King unequivocally stated that there has been no merger of charter schools and no commingling of funds among his charter schools and said that proposed legislation should clarify enrollment accounting practices.

While many of the concerns listed in the ODE letter originated with the Sisters School District, ODE spokesman Jake Weigler told The Nugget that concerns have also been raised by parties outside the school district.

According to Weigler, the school districts are accountable for the actions of the charter school operations; ODE would not invoke sanctions directly against EdChoices/AllPrep unless it violated some area of state law directly under ODE's responsibility. That leaves local districts on the hook for any impropriety.

"These are very serious issues, with serious consequences, that could result in possible forfeiture of State School Funds by the school district," Mileham stated.

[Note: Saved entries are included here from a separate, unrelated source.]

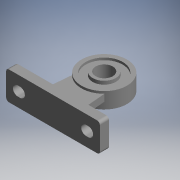
# Autodesk Inventor part: PDRHN30_b
Saved by Autodesk Inventor 2017.3 (Build 213256000, 256)
## iProperties
Part Number: PDRHN30_b
Material: Generic
Catalog Web Link: www.cadenas.de
Description: PDRH,PDRHN_body-Ball Bearing Units -High-Centered Pillow Type-
Vendor: MISUMI
Document SubType Name: Modeling
Designer: partserver
Manufacturer: MISUMI
Mass: 268.59 g
Surface Area: 523.173 cm^2
Volume: 268.59 cm^3
Density: 1 g/cm^3
Appearance: PSOLRGB-175-175-175
Category: PARTsolutions
Company: MISUMI
Title: PDRHN30
Author: Cadenas PARTsolutions
Comments: Ball Bearing Units -High-Centered Pillow Type-
PSOL_IDENT_0: {$CADENAS_DATA\23d-libs\misumi\metric\12_bearing_holders\pdrh\pdrh_body.prj},167 {VTYP=3D},{NB=PDRHN
PSOL_IDENT_1: 30_b},{LINA=PDRHN30},{NN=PDRH,PDRHN_body},{DATE=11.12.2019 10:04:59},{GEOMDATE=02.12.2019 07:12:02},
PSOL_IDENT_2: {VERSION=},{LINEID=60},{WBVAR=TS},{WBNUMERIC=}  {NB=PDRHN30_b},{LINA=PDRHN30},{KT=DUMMY},{PN=PDRHN30
PSOL_IDENT_3: },{TYPE=PDRHN},{MATH=Cast Iron Class No.30},{MATB=52100 Bearing Steel},{MATRS=Nitrile Rubber},{MATSS=
PSOL_IDENT_4: 4137 Alloy Steel},{PRECISION=JIS B 1558/JIS B 1514/JIS B 1559},{OT=-15 ~+100},{TS=2},{TSALG='1','Lub
PSOL_IDENT_5: rication Type' , '2','Oil-Free Type'},{D=30},{JIS=UC206D1},{H=90},{L=165},{L1=120},{A=50},{DD1=21},{
PSOL_IDENT_6: DD=17},{TT=16},{H1=130},{B=38.1},{S=15.9},{CR=19.5},{COR=11.30},{M1=M6x0.75},{MD=6},{MPITCH=0.75},{M
PSOL_IDENT_7: L=8},{MASS=1800},{RLD1=80},{RLD2=65},{RLD3=40.8},{LD1=28},{LD2=4.0},{LD3=2},{G1=28.5},{G2=12.0},{G3=
PSOL_IDENT_8: 50},{R1=11},{R2=5},{NCL=1.9},{KCL=17.2}
NB: PDRHN30_b
NN: PDRH,PDRHN_body
NT: Ball Bearing Units -High-Centered Pillow Type-
NBSYN: $PN._b
LINA: PDRHN30
CATALOG: Misumi
PN: PDRHN30
TYPE: PDRHN
MATH: Cast Iron Class No.30
MATB: 52100 Bearing Steel
MATRS: Nitrile Rubber
MATSS: 4137 Alloy Steel
PRECISION: JIS B 1558/JIS B 1514/JIS B 1559
OT: -15 ~+100
TS: Oil-Free Type
D: 30
JIS: UC206D1
H: 90
L: 165
L1: 120
A: 50
DD1: 21
DD: 17
TT: 16
H1: 130
B: 38.1
S: 15.9
CR: 19.5
COR: 11.3
M1: M6x0.75
MASS: 1800
SUPPLIER: MISUMI
ARTICLENO: PDRHN30_b
BOMINFO: PDRHN30
CREATOR: CADENAS GmbH
Autodesk Inventor part; units mm, degrees
sketch "_____3" plane through (0, 0, -14) normal (0, 0, 1) x (1, 0, 0)
  line L0 (-42.59827, 16) -> (42.59827, 16)
  arc A0 (31.640128, 26.041287) -> (42.59827, 16) centre (42.59827, 27) ccw
  line L1 (31.640128, 26.041287) -> (28.5, 61.933116)
  arc A1 (28.5, 61.933116) -> (-28.5, 61.933116) centre (0, 90) ccw
  line L2 (-28.5, 61.933116) -> (-31.640128, 26.041287)
  arc A2 (-42.59827, 16) -> (-31.640128, 26.041287) centre (-42.59827, 27) ccw
  constraints: 6 end point, 6 point on circle, 3 centre point
extrude "Extrusion1" add sketch "_____3" along normal blind 39
sketch "_____8" plane through (0, 0, 0) normal (1, 0, 0) x (0, 0, -1)
  line L0 (-25, 52.45256) -> (-25, 16)
  line L1 (-25, 16) -> (-14, 50)
  line L2 (-14, 50) -> (-14, 52.45256)
  line L3 (-14, 52.45256) -> (-25, 52.45256)
  constraints: 8 end point
extrude "Extrusion2" cut sketch "_____8" along normal mid plane 24
sketch "_____9" plane through (0, 0, 0) normal (1, 0, 0) x (0, 0, -1)
  line L0 (-14, 90) -> (-25, 90)
  line L1 (-25, 90) -> (-25, 130)
  line L2 (-25, 130) -> (-14, 130)
  line L3 (-14, 130) -> (-14, 90)
  line L4 (-14, 90) -> (-25, 90)
  constraints: 10 end point
revolve "Revolution1" cut sketch "_____9" angle 360 about axis through (0, 90, 14) along (0, 0, -1)
sketch "_____5" plane through (0, 0, 25) normal (0, 0, 1) x (1, 0, 0)
  line L0 (-50, 90) -> (-50, 0)
  line L1 (-50, 0) -> (50, 0)
  line L2 (50, 0) -> (50, 90)
  line L3 (50, 90) -> (40, 90)
  arc A0 (6, 50.45256) -> (40, 90) centre (0, 90) ccw
  line L4 (6, 50.45256) -> (6, 16)
  line L5 (6, 16) -> (-6, 16)
  line L6 (-6, 16) -> (-6, 50.45256)
  arc A1 (-40, 90) -> (-6, 50.45256) centre (0, 90) ccw
  line L7 (-40, 90) -> (-50, 90)
  constraints: 16 end point, 4 point on circle, 2 centre point
extrude "Extrusion3" cut sketch "_____5" against normal blind 23
sketch "_____6" plane through (0, 0, -14) normal (0, 0, 1) x (1, 0, 0)
  line L0 (-50, 90) -> (-50, 0)
  line L1 (-50, 0) -> (50, 0)
  line L2 (50, 0) -> (50, 90)
  line L3 (50, 90) -> (40, 90)
  arc A0 (-40, 90) -> (40, 90) centre (0, 90) ccw
  line L4 (-40, 90) -> (-50, 90)
  constraints: 10 end point, 2 point on circle, 1 centre point
extrude "Extrusion4" cut sketch "_____6" along normal blind 4
sketch "_____4" plane through (0, 0, 0) normal (0, 1, 0) x (1, 0, 0)
  line L0 (-82.5, 20) -> (-82.5, -20)
  arc A0 (-82.5, -20) -> (-77.5, -25) centre (-77.5, -20) ccw
  line L1 (-77.5, -25) -> (77.5, -25)
  arc A1 (77.5, -25) -> (82.5, -20) centre (77.5, -20) ccw
  line L2 (82.5, -20) -> (82.5, 20)
  arc A2 (82.5, 20) -> (77.5, 25) centre (77.5, 20) ccw
  line L3 (77.5, 25) -> (-77.5, 25)
  arc A3 (-77.5, 25) -> (-82.5, 20) centre (-77.5, 20) ccw
  constraints: 8 end point, 8 point on circle, 4 centre point
extrude "Extrusion5" add sketch "_____4" along normal blind 16
sketch "_____7" plane through (0, 0, 0) normal (0, 1, 0) x (1, 0, 0)
  arc A0 (58, 8.5) -> (58, -8.5) centre (58, 0) ccw
  line L0 (58, -8.5) -> (62, -8.5)
  arc A1 (62, -8.5) -> (62, 8.5) centre (62, 0) ccw
  line L1 (62, 8.5) -> (58, 8.5)
  constraints: 4 end point, 4 point on circle, 2 centre point
extrude "Extrusion6" cut sketch "_____7" along normal blind 16
sketch "_____10" plane through (0, 0, 0) normal (0, 1, 0) x (1, 0, 0)
  arc A0 (-62, 8.5) -> (-62, -8.5) centre (-62, 0) ccw
  line L0 (-62, -8.5) -> (-58, -8.5)
  arc A1 (-58, -8.5) -> (-58, 8.5) centre (-58, 0) ccw
  line L1 (-58, 8.5) -> (-62, 8.5)
  constraints: 4 end point, 4 point on circle, 2 centre point
extrude "Extrusion7" cut sketch "_____10" along normal blind 16
sketch "_____11" plane through (0, 0, 0) normal (1, 0, 0) x (0, 0, -1)
  line L0 (-10, 90) -> (-14, 90)
  line L1 (-14, 90) -> (-14, 122.5)
  line L2 (-14, 122.5) -> (-10, 122.5)
  line L3 (-10, 122.5) -> (-10, 90)
  line L4 (-10, 90) -> (-14, 90)
  constraints: 10 end point
revolve "Revolution2" cut sketch "_____11" angle 360 about axis through (0, 90, 10) along (0, 0, -1)
sketch "Sketch10" plane through (0, 90, -14) normal (0, 0, -1) x (-1, 0, 0)
  point P0 (0, 0)
hole "Hole1" at (0, 90, -14) direction (0, 0, 1) diameter 65 depth 4
sketch "_____13" plane through (0, 0, 0) normal (1, 0, 0) x (0, 0, -1)
  line L0 (15.9, 90) -> (-22.2, 90)
  line L1 (-22.2, 90) -> (-22.2, 110.4)
  line L2 (-22.2, 110.4) -> (15.9, 110.4)
  line L3 (15.9, 110.4) -> (15.9, 90)
  line L4 (15.9, 90) -> (-22.2, 90)
  constraints: 10 end point
revolve "Revolution3" add sketch "_____13" angle 360 about axis through (0, 90, -15.9) along (0, 0, -1)
sketch "Sketch12" plane through (0, 90, -15.9) normal (0, 0, -1) x (-1, 0, 0)
  point P0 (0, 0)
hole "Hole2" at (0, 90, -15.9) direction (0, 0, 1) diameter 30 depth 38.1
sketch "_____15" plane through (0, 0, 17.2) normal (0, 0, 1) x (1, 0, 0)
  line L0 (0, 90) -> (0, 110.4)
  line L1 (0, 110.4) -> (3, 110.4)
  line L2 (3, 110.4) -> (2.594, 109.994)
  line L3 (2.594, 109.994) -> (2.594, 90)
  line L4 (2.594, 90) -> (0, 90)
  line L5 (0, 90) -> (0, 110.4)
  constraints: 12 end point
revolve "Revolution4" cut sketch "_____15" angle 360 about axis through (0, 90, 17.2) along (0, -1, 0)
thread "Thread1" size "M6x0.75" class "6H" standard "ISO Metric profile" length 4.994
sketch "_____16" plane through (0, 0, 17.2) normal (0, 0, 1) x (1, 0, 0)
  line L0 (0, 90) -> (-17.666918, 79.8)
  line L1 (-17.666918, 79.8) -> (-19.166918, 82.398076)
  line L2 (-19.166918, 82.398076) -> (-18.612312, 82.24947)
  line L3 (-18.612312, 82.24947) -> (-1.297, 92.24647)
  line L4 (-1.297, 92.24647) -> (0, 90)
  line L5 (0, 90) -> (-17.666918, 79.8)
  constraints: 12 end point
revolve "Revolution5" cut sketch "_____16" angle 360 about axis through (0, 90, 17.2) along (0.8660254, 0.5, 0)
thread "Thread2" size "M6x0.75" class "6H" standard "ISO Metric profile" length 4.994
ref_plane "CP1_XY" through (0, 105, 17.2) normal (0, 1, 0) x (1, 0, 0)
ref_plane "CP1_YZ" through (0, 105, 17.2) normal (1, 0, 0) x (0, 0, -1)
ref_plane "CP1_ZX" through (0, 105, 17.2) normal (0, 0, -1) x (0, 1, 0)
ref_plane "CP2_XY" through (-12.990381, 82.5, 17.2) normal (-0.8660254, -0.5, 0) x (-0.5, 0.8660254, 0)
ref_plane "CP2_YZ" through (-12.990381, 82.5, 17.2) normal (-0.5, 0.8660254, 0) x (0, 0, -1)
ref_plane "CP2_ZX" through (-12.990381, 82.5, 17.2) normal (0, 0, -1) x (-0.8660254, -0.5, 0)
body "Solid1"

ODE instructed districts to review their charter school practices, take necessary corrective action and ensure that charter schools meet state and federal law requirements. Response to the ODE letter is required by February 22.

The Sisters School District has terminated both the Sisters Web Academy and the Sisters Charter Academy of Fine Arts (SCAFA) - both of which are operated by AllPrep's Tim King.

Some in the community have questioned the move, noting that the charter schools bring financial benefits to the district in the form of funding for administration and offer valuable education alternatives for families.

Sisters School Board Chair Christine Jones acknowledged both the financial and educational benefits, but told The Nugget that the decision to terminate is based on other issues. in the case of SCAFA, the school has been unable to meet minimum enrollment requirements and demonstrate financial viability.

"In general, while it is true that the charters do not cost the district money, we are the sponsoring district of the charter and are thus responsible for making sure that that they follow all of ODE's rules and regulation regarding public school funds," Jones said. "We have taken steps to terminate the charters because we were not able to get satisfactory answers to our questions, be they questions of financial viability, student records, or financial practices. We recognize that the charters have the right to appeal the termination decisions, and we welcome ODE's involvement and guidance on the issues that we have raised."